START SUPPLIED RECORDS

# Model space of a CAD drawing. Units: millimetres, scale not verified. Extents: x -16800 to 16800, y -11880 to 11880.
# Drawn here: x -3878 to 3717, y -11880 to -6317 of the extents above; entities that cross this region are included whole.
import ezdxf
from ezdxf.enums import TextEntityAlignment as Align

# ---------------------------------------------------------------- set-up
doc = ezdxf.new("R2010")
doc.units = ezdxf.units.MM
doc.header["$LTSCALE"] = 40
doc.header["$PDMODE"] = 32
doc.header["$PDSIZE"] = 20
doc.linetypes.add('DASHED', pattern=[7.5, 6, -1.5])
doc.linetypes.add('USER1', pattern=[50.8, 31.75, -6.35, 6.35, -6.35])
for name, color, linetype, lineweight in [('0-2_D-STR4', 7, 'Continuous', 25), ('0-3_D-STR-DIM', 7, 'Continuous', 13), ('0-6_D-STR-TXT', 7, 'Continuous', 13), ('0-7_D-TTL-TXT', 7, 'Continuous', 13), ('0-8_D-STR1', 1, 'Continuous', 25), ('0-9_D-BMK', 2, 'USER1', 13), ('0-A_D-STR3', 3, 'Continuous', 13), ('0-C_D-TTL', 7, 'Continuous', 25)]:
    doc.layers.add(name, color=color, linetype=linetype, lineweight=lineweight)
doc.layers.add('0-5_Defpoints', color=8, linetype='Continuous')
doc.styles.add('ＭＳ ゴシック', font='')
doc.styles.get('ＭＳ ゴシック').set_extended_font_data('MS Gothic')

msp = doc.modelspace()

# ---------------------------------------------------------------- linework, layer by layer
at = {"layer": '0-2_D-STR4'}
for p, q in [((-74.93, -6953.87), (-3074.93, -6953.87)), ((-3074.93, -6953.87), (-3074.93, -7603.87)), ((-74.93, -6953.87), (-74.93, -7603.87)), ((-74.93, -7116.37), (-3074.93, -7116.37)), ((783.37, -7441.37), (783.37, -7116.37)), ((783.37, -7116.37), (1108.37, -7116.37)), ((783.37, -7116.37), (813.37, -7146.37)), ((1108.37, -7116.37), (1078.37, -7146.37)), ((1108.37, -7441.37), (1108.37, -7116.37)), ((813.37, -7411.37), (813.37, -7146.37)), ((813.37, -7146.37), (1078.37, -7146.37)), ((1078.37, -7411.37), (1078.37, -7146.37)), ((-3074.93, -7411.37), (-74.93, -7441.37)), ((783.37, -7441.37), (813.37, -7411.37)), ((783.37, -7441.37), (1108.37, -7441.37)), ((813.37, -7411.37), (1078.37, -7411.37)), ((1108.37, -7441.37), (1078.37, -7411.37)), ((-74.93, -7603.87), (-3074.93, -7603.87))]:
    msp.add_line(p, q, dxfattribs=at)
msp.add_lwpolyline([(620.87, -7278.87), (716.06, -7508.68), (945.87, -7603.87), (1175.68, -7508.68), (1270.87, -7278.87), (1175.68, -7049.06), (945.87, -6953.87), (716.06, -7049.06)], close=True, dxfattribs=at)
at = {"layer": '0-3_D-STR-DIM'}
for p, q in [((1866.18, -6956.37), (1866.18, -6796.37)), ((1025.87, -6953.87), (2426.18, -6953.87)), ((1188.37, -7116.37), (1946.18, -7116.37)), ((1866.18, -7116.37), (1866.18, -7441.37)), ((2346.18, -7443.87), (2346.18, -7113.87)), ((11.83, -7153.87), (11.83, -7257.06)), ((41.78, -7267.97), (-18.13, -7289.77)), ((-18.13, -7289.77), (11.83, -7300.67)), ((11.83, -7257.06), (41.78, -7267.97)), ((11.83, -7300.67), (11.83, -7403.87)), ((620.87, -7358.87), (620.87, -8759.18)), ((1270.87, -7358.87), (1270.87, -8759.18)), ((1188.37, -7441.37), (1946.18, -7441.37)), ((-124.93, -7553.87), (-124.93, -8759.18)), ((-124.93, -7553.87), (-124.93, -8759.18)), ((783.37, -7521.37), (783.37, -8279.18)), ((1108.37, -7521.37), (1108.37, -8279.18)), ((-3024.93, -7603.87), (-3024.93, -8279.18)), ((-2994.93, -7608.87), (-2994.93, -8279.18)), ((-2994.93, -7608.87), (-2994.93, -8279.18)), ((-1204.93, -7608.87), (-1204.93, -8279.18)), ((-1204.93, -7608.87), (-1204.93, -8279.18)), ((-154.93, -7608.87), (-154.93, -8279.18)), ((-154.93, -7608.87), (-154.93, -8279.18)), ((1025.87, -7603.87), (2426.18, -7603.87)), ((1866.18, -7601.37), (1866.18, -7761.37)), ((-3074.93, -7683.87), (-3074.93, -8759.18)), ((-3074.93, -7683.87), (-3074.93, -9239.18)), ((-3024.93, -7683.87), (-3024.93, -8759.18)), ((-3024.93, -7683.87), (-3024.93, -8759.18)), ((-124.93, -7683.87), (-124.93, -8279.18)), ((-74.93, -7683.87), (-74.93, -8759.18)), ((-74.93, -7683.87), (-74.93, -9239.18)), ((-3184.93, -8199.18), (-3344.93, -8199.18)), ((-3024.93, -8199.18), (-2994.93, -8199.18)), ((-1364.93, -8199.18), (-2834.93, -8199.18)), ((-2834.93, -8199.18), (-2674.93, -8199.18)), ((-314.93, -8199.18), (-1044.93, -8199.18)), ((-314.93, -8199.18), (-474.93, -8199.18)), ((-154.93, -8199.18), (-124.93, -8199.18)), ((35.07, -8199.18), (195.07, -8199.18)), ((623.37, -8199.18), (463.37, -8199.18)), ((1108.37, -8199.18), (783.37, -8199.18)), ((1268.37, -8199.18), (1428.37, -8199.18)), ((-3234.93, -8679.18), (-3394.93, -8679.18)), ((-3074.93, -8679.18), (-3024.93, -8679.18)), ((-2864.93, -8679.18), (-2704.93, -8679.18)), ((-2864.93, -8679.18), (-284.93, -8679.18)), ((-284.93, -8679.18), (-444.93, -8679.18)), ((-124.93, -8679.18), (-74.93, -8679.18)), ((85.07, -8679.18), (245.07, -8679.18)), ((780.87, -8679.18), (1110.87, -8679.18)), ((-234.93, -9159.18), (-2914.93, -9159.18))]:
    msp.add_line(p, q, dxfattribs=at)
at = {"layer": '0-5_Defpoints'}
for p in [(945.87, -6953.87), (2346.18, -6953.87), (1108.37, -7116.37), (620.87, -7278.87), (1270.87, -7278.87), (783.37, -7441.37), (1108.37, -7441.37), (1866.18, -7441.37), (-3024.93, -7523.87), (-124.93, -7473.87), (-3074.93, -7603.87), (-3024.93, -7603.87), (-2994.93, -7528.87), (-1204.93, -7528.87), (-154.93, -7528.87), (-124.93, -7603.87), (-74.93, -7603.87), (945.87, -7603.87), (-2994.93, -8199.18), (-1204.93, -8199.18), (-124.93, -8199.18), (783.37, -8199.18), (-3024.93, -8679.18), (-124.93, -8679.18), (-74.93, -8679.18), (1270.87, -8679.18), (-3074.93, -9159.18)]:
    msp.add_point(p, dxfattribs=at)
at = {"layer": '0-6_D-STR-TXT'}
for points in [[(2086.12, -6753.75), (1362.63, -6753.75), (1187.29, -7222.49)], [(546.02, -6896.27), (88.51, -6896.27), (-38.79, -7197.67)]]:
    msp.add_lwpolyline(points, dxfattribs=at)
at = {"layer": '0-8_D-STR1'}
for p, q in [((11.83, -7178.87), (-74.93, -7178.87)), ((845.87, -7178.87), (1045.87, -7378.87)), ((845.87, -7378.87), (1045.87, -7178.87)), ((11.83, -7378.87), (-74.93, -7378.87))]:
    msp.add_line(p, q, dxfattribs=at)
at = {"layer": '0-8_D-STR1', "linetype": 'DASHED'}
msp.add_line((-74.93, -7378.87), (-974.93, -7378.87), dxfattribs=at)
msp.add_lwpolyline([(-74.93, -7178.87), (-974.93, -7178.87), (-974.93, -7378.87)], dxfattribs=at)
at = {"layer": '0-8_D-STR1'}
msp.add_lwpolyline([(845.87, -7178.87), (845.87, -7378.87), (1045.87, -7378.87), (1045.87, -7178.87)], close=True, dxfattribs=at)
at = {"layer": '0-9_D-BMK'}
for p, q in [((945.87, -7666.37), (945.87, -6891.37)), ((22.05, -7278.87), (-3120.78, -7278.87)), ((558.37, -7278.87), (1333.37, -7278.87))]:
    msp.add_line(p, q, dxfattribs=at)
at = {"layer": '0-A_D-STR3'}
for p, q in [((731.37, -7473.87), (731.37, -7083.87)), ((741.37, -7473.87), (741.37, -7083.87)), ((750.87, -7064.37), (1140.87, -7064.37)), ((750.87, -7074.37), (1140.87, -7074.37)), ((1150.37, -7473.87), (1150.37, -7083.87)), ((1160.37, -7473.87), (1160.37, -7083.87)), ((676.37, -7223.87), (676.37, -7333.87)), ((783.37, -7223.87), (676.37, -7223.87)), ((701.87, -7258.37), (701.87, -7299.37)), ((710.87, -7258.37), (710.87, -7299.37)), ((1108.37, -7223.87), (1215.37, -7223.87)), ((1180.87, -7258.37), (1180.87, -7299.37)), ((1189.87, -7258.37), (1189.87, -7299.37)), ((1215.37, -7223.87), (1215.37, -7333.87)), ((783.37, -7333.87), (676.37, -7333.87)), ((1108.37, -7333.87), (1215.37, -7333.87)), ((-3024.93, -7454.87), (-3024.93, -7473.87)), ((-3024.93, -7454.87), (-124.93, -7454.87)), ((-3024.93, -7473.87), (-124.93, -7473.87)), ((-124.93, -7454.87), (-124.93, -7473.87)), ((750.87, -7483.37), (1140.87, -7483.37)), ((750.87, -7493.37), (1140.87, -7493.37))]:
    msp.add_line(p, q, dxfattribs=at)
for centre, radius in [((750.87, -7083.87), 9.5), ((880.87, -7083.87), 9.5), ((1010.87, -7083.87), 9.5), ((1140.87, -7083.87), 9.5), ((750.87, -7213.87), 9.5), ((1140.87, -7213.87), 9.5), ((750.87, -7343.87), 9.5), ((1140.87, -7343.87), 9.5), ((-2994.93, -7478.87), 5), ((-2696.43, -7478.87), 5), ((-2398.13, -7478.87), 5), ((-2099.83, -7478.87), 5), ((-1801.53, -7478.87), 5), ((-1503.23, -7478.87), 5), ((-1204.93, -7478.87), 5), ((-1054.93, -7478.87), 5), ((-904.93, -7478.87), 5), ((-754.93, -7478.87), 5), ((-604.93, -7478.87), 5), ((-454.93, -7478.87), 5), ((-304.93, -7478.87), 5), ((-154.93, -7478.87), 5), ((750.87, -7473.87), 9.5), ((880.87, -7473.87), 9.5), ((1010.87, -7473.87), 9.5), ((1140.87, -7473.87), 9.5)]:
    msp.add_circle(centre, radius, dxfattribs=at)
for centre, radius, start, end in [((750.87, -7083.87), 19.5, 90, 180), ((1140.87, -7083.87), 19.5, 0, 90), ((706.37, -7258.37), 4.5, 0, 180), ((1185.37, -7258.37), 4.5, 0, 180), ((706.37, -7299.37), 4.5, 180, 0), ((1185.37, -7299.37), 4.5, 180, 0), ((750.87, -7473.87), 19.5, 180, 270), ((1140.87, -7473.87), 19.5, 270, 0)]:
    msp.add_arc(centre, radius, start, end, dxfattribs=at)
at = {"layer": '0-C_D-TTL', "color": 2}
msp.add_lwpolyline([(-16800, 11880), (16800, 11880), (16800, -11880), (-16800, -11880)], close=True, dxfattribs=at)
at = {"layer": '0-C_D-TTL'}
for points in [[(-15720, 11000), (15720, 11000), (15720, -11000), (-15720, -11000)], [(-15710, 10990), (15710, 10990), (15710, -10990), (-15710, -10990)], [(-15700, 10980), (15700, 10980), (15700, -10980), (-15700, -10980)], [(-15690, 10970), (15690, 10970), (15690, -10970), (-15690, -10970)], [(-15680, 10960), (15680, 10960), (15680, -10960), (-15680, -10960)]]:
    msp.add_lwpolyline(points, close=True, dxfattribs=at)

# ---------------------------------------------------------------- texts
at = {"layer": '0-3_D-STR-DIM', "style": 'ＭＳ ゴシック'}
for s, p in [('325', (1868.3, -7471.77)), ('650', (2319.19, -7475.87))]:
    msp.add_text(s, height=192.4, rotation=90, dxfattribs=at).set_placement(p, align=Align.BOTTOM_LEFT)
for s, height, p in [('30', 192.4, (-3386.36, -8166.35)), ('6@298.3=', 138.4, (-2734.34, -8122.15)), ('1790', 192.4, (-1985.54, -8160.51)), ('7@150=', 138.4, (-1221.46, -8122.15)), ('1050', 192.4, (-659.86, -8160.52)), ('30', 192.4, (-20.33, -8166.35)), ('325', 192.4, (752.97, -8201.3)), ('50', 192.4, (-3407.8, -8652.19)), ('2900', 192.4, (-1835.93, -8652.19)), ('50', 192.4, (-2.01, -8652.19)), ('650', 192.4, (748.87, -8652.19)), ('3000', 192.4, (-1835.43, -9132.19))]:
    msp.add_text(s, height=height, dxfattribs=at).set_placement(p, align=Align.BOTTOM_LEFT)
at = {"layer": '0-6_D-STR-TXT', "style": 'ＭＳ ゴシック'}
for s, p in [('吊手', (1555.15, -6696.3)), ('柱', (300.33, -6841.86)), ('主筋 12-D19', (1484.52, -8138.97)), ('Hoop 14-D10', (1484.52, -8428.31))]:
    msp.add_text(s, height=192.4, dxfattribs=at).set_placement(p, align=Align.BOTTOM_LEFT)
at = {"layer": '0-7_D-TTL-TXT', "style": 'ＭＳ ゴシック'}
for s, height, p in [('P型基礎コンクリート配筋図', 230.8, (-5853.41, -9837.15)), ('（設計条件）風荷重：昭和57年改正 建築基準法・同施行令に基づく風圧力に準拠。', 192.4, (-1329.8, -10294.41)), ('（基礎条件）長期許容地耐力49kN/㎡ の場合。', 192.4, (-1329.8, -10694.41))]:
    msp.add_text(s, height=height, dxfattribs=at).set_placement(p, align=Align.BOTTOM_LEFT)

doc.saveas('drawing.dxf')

END SUPPLIED RECORDS

Count the lines of the material above that contain the word "True", then give only that count.

4